Attract and maintain healthy populations of these beneficial insects by growing a variety of flowering plant species in your garden.
Pesticides can be effective against these pests if used wisely and properly, they come into contact with the bugs.
Because these insects hide on the underside of leaves, these areas need to be well covered.
Horticultural oils can also be effective
Monterey Horticultural Oil
Or try an insecticidal soap like this one from Bonide
Bonide Insecticidal Soap
Use these products when there are many nymphs.

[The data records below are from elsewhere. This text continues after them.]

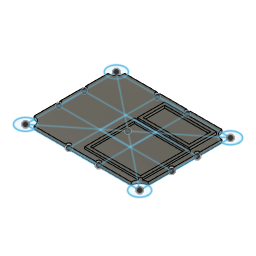
ipbox_floor (Autodesk Fusion 360 design; units mm, degrees)
Autodesk Fusion 360 part; units mm, degrees
sketch "Sketch1" plane through (0, 0, 0) normal (0, 0, 1) x (1, 0, 0)
  line L0 (-75, 75) -> (160, 75)
  line L1 (160, 75) -> (160, -112)
  line L2 (160, -112) -> (-75, -112)
  line L3 (-75, -112) -> (-75, 75)
  circle A0 centre (-75, 75) radius 17.5
  circle A1 centre (160, 75) radius 17.5
  circle A2 centre (160, -112) radius 17.5
  circle A3 centre (-75, -112) radius 17.5
  line L4 (-75, 75) -> (160, -112)
  line L5 (160, 75) -> (-75, -112)
  line L6 (73.25, -44.75) -> (11.75, -44.75)
  line L7 (11.75, -44.75) -> (11.75, 7.75)
  line L8 (11.75, 7.75) -> (73.25, 7.75)
  line L9 (73.25, 7.75) -> (73.25, -44.75)
  line L10 (73.25, -44.75) -> (11.75, 7.75) construction
  line L11 (11.75, -44.75) -> (73.25, 7.75) construction
  line L12 (11.75, 7.75) -> (11.75, -44.75)
  line L13 (11.75, -44.75) -> (-73.65, -44.75)
  line L14 (-73.65, -44.75) -> (-73.65, 7.75)
  line L15 (-73.65, 7.75) -> (11.75, 7.75)
  line L16 (73.25, 7.75) -> (73.25, -44.75)
  line L17 (73.25, -44.75) -> (158.65, -44.75)
  line L18 (158.65, -44.75) -> (158.65, 7.75)
  line L19 (158.65, 7.75) -> (73.25, 7.75)
  line L20 (11.75, 7.75) -> (73.25, 7.75)
  line L21 (73.25, 7.75) -> (73.25, 72.45)
  line L22 (73.25, 72.45) -> (11.75, 72.45)
  line L23 (11.75, 72.45) -> (11.75, 7.75)
  line L24 (11.75, -44.75) -> (73.25, -44.75)
  line L25 (73.25, -44.75) -> (73.25, -109.45)
  line L26 (73.25, -109.45) -> (11.75, -109.45)
  line L27 (11.75, -109.45) -> (11.75, -44.75)
  circle A4 centre (11.75, 72.45) radius 1.9
  circle A5 centre (73.25, 72.45) radius 1.9
  circle A6 centre (158.65, 7.75) radius 1.9
  circle A7 centre (158.65, -44.75) radius 1.9
  circle A8 centre (73.25, -109.45) radius 1.9
  circle A9 centre (11.75, -109.45) radius 1.9
  circle A10 centre (-73.65, -44.75) radius 1.9
  circle A11 centre (-73.65, 7.75) radius 1.9
  point P0 (42.5, -18.5)
  dimension "d1" = 235
  dimension "d2" = 187
  dimension "d3" = 35
  dimension "d4" = 35
  dimension "d5" = 35
  dimension "d6" = 35
  dimension "d7" = 61.5
  dimension "d8" = 52.5
  dimension "d9" = 85.4
  dimension "d10" = 85.4
  dimension "d11" = 64.7
  dimension "d12" = 64.7
  dimension "d13" = 3.8
  dimension "d14" = 3.8
  dimension "d15" = 3.8
  dimension "d16" = 3.8
  dimension "d17" = 3.8
  dimension "d18" = 3.8
  dimension "d19" = 3.8
  dimension "d20" = 3.8
  constraint horizontal L0
  constraint vertical L1
  constraint horizontal L2
  constraint vertical L3
  constraint coincident L0.start L3.end
  constraint coincident L0.end L1.start
  constraint coincident L1.end L2.start
  constraint coincident L2.end L3.start
  constraint horizontal L6
  constraint perpendicular L6 L7
  constraint parallel L6 L8
  constraint parallel L7 L9
  constraint coincident L10 P0
  constraint coincident L11 P0
  constraint midpoint L5 P0
  constraint perpendicular L12 L13
  constraint parallel L12 L14
  constraint parallel L13 L15
  constraint perpendicular L16 L17
  constraint parallel L16 L18
  constraint parallel L17 L19
  constraint perpendicular L20 L21
  constraint parallel L20 L22
  constraint parallel L21 L23
  constraint perpendicular L24 L25
  constraint parallel L24 L26
  constraint parallel L25 L27
  constraint coincident L22.end L23.start
  constraint coincident L21.end L22.start
  constraint coincident L18.end L19.start
  constraint coincident L17.end L18.start
  constraint coincident L25.end L26.start
  constraint coincident L26.end L27.start
  constraint coincident L13.end L14.start
  constraint coincident L14.end L15.start
  measures "d1" distance of L0.start L0.end
  measures "d2" distance of L0.start L2.end
  measures "d3" diameter of A0
  measures "d4" diameter of A1
  measures "d5" diameter of A2
  measures "d6" diameter of A3
  measures "d7" distance of L7.end L8.end
  measures "d8" distance of L6.end L7.end
  measures "d9" distance of L7.end L14.end
  measures "d10" distance of L8.end L18.end
  measures "d11" distance of L7.end L22.end
  measures "d12" distance of L6.end L26.end
  measures "d13" diameter of A4
  measures "d14" diameter of A5
  measures "d15" diameter of A6
  measures "d16" diameter of A7
  measures "d17" diameter of A8
  measures "d18" diameter of A9
  measures "d19" diameter of A10
  measures "d20" diameter of A11
extrude "Extrude1" add sketch "Sketch1" along normal blind 6 contours L0 A0 A1 L4 L5 L15 L19 L21 L22 L23 A4 A5 | L3 A0 L4 L15 A11 | L4 L5 L7 L12 L13 L14 L15 A10 A11 | L1 A1 L5 L19 A6 | L3 L14 A10 A11 | L4 L5 L7 L8 L9 L12 L16 L20 | L4 L5 L7 L12 | L8 L20 L21 L22 L23 A4 A5 | L4 L5 L9 L16 L17 L18 L19 A6 A7 | L4 L5 L9 L16 | L4 L5 L6 L7 L9 L12 L16 L24 | L3 A3 L5 L13 A10 | L2 A2 A3 L4 L5 L13 L17 L25 L26 L27 A8 A9 | L6 L24 L25 L26 L27 A8 A9 | L1 L18 A6 A7 | L1 A2 L4 L17 A7
chamfer "Chamfer1" distance 2.5 angle 45 8 edges at (9.9786, 73.1371, 6) (71.4786, 73.1371, 6) (-71.75, 7.75, 6) (-71.75, -44.75, 6) (156.75, 7.75, 6) (156.75, -44.75, 6) (71.4786, -108.7629, 6) (9.9786, -108.7629, 6)
extrude "Extrude2" add sketch "Sketch1" along normal blind 6 contours L4 L7 L12 L15 | L5 L9 L16 L19 | L5 L7 L12 L13 | L4 L9 L16 L17
sketch "Sketch2" plane through (0, 0, 6) normal (0, 0, 1) x (-1, 0, 0)
  arc A0 (-15.3357, 112) -> (-8.1643, 112) centre (-11.75, 109.45) ccw
  line L0 (-15.3357, 112) -> (-69.6643, 112)
  arc A1 (-76.8357, 112) -> (-69.6643, 112) centre (-73.25, 109.45) ccw
  line L1 (-76.8357, 112) -> (-142.5, 112)
  arc A2 (-160, 94.5) -> (-142.5, 112) centre (-160, 112) ccw
  line L2 (-160, 94.5) -> (-160, 48.9378)
  arc A3 (-160, 40.5622) -> (-160, 48.9378) centre (-158.65, 44.75) ccw
  line L3 (-160, 40.5622) -> (-160, -3.5622)
  arc A4 (-160, -11.9378) -> (-160, -3.5622) centre (-158.65, -7.75) ccw
  line L4 (-160, -11.9378) -> (-160, -57.5)
  arc A5 (-142.5, -75) -> (-160, -57.5) centre (-160, -75) ccw
  line L5 (-142.5, -75) -> (-76.8357, -75)
  arc A6 (-69.6643, -75) -> (-76.8357, -75) centre (-73.25, -72.45) ccw
  line L6 (-69.6643, -75) -> (-15.3357, -75)
  arc A7 (-8.1643, -75) -> (-15.3357, -75) centre (-11.75, -72.45) ccw
  line L7 (-8.1643, -75) -> (57.5, -75)
  arc A8 (75, -57.5) -> (57.5, -75) centre (75, -75) ccw
  line L8 (75, -57.5) -> (75, -11.9378)
  arc A9 (75, -3.5622) -> (75, -11.9378) centre (73.65, -7.75) ccw
  line L9 (75, -3.5622) -> (75, 40.5622)
  arc A10 (75, 48.9378) -> (75, 40.5622) centre (73.65, 44.75) ccw
  line L10 (75, 48.9378) -> (75, 94.5)
  arc A11 (57.5, 112) -> (75, 94.5) centre (75, 112) ccw
  line L11 (57.5, 112) -> (-8.1643, 112)
  line L12 (-145, 95) -> (-41.8, 95)
  line L13 (-41.8, 95) -> (-41.8, 4.4)
  line L14 (-41.8, 4.4) -> (-145, 4.4)
  line L15 (-145, 4.4) -> (-145, 95)
  line L16 (-41.8, 4.4) -> (-35.8, 4.4)
  line L17 (-35.8, 4.4) -> (-35.8, -1.6)
  line L18 (-35.8, -1.6) -> (-41.8, -1.6)
  line L19 (-41.8, -1.6) -> (-41.8, 4.4)
  line L20 (-145, 95) -> (-151, 95)
  line L21 (-151, 95) -> (-151, 101)
  line L22 (-151, 101) -> (-145, 101)
  line L23 (-145, 101) -> (-145, 95)
  line L24 (-35.8, -1.6) -> (-151, -1.6)
  line L25 (-151, -1.6) -> (-151, 101)
  line L26 (-151, 101) -> (-35.8, 101)
  line L27 (-35.8, 101) -> (-35.8, -1.6)
  dimension "d26" = 103.2
  dimension "d27" = 90.6
  dimension "d28" = 6
  dimension "d29" = 6
  dimension "d30" = 6
  dimension "d31" = 6
  constraint horizontal L12
  constraint vertical L13
  constraint horizontal L14
  constraint vertical L15
  constraint horizontal L16
  constraint vertical L17
  constraint horizontal L18
  constraint vertical L19
  constraint horizontal L20
  constraint vertical L21
  constraint horizontal L22
  constraint vertical L23
  constraint horizontal L24
  constraint vertical L25
  constraint horizontal L26
  constraint vertical L27
  measures "d26" distance of L12.start L12.end
  measures "d27" distance of L12.start L14.end
  measures "d28" distance of L13.end L16.end
  measures "d29" distance of L13.end L18.end
  measures "d30" distance of L12.start L20.end
  measures "d31" distance of L12.start L22.end
extrude "Extrude3" add sketch "Sketch2" along normal blind 4 contours A2 L20 L21 L22 L23 L25 L26 | L12 L13 L16 L23 L26 L27 | L14 L15 L19 L20 L24 L25 | L16 L17 L18 L19 L24 L27
sketch "Sketch3" plane through (0, 0, 6) normal (0, 0, 1) x (-1, 0, 0)
  line L0 (-151, -1.6) -> (-151, 96.9917)
  arc A0 (-160, 94.5) -> (-151, 96.9917) centre (-160, 112) ccw
  line L1 (-160, 94.5) -> (-160, 48.9378)
  arc A1 (-160, 40.5622) -> (-160, 48.9378) centre (-158.65, 44.75) ccw
  line L2 (-160, 40.5622) -> (-160, -3.5622)
  arc A2 (-160, -11.9378) -> (-160, -3.5622) centre (-158.65, -7.75) ccw
  line L3 (-160, -11.9378) -> (-160, -57.5)
  arc A3 (-142.5, -75) -> (-160, -57.5) centre (-160, -75) ccw
  line L4 (-142.5, -75) -> (-76.8357, -75)
  arc A4 (-69.6643, -75) -> (-76.8357, -75) centre (-73.25, -72.45) ccw
  line L5 (-69.6643, -75) -> (-15.3357, -75)
  arc A5 (-8.1643, -75) -> (-15.3357, -75) centre (-11.75, -72.45) ccw
  line L6 (-8.1643, -75) -> (57.5, -75)
  arc A6 (75, -57.5) -> (57.5, -75) centre (75, -75) ccw
  line L7 (75, -57.5) -> (75, -11.9378)
  arc A7 (75, -3.5622) -> (75, -11.9378) centre (73.65, -7.75) ccw
  line L8 (75, -3.5622) -> (75, 40.5622)
  arc A8 (75, 48.9378) -> (75, 40.5622) centre (73.65, 44.75) ccw
  line L9 (75, 48.9378) -> (75, 94.5)
  arc A9 (57.5, 112) -> (75, 94.5) centre (75, 112) ccw
  line L10 (57.5, 112) -> (-8.1643, 112)
  arc A10 (-15.3357, 112) -> (-8.1643, 112) centre (-11.75, 109.45) ccw
  line L11 (-15.3357, 112) -> (-69.6643, 112)
  arc A11 (-76.8357, 112) -> (-69.6643, 112) centre (-73.25, 109.45) ccw
  line L12 (-76.8357, 112) -> (-142.5, 112)
  arc A12 (-146.3893, 101) -> (-142.5, 112) centre (-160, 112) ccw
  line L13 (-146.3893, 101) -> (-35.8, 101)
  line L14 (-35.8, 101) -> (-35.8, -1.6)
  line L15 (-35.8, -1.6) -> (-151, -1.6)
  line L16 (-140, -10) -> (-45.3, -10)
  line L17 (-45.3, -10) -> (-45.3, -54.2)
  line L18 (-45.3, -54.2) -> (-140, -54.2)
  line L19 (-140, -54.2) -> (-140, -10)
  line L20 (-45.3, -54.2) -> (-39.3, -54.2)
  line L21 (-39.3, -54.2) -> (-39.3, -60.2)
  line L22 (-39.3, -60.2) -> (-45.3, -60.2)
  line L23 (-45.3, -60.2) -> (-45.3, -54.2)
  line L24 (-140, -10) -> (-146, -10)
  line L25 (-146, -10) -> (-146, -4)
  line L26 (-146, -4) -> (-140, -4)
  line L27 (-140, -4) -> (-140, -10)
  line L28 (-39.3, -60.2) -> (-146, -60.2)
  line L29 (-146, -60.2) -> (-146, -4)
  line L30 (-146, -4) -> (-39.3, -4)
  line L31 (-39.3, -4) -> (-39.3, -60.2)
  dimension "d34" = 94.7
  dimension "d35" = 44.2
  dimension "d36" = 6
  dimension "d37" = 6
  dimension "d38" = 6
  dimension "d39" = 6
  constraint horizontal L16
  constraint vertical L17
  constraint horizontal L18
  constraint vertical L19
  constraint horizontal L20
  constraint vertical L21
  constraint horizontal L22
  constraint vertical L23
  constraint horizontal L24
  constraint vertical L25
  constraint horizontal L26
  constraint vertical L27
  constraint horizontal L28
  constraint vertical L29
  constraint horizontal L30
  constraint vertical L31
  measures "d34" distance of L16.start L16.end
  measures "d35" distance of L16.start L18.end
  measures "d36" distance of L17.end L20.end
  measures "d37" distance of L17.end L22.end
  measures "d38" distance of L16.start L24.end
  measures "d39" distance of L16.start L26.end
extrude "Extrude4" add sketch "Sketch3" along normal blind 5 contours L16 L17 L20 L27 L30 L31 | L18 L19 L23 L24 L28 L29 | L24 L25 L26 L27 L29 L30 | L20 L21 L22 L23 L28 L31

Usually these products need to be reapplied every two weeks or so to achieve and maintain control.
Chemical control is rarely guaranteed, but can be very effective.
Bifenthrin, cyfluthrin, permethrin and other pyrethroids are useful. Sibali products like Sevin are another effective option.
As with organic contact products, chemical contact pesticides must be applied correctly to completely cover the underside of leaves.
Systemic drugs such as imidacloprid and dinotefuran are also useful. These are chemicals that plants absorb and transport. However, avoid using them during the day or on flowering plants as they are toxic to pollinators.
Remember that chemicals are often toxic to beneficial insects.
Since many of the recommended methods for controlling spiky bugs are biological, using them can take away all your hard work and reduce or eliminate predator populations.
This gives the pests a chance to recover and continue to feed on the plants.
Little Uninvited Plant Doilies
If you look closely, you might think the carved lace wings of these insects are very pretty. But that doesn’t mean they improve the appearance of ornamental plants.
Their damage can be severe, but luckily you now know how to deal with these bugs, whether culturally, relying on beneficial insects already in the garden, or using pesticides.
Have you ever seen one of these bizarre insects? Let Answer The Question know in the comments which species you think you’ve spotted and what to do with them when you have to take control.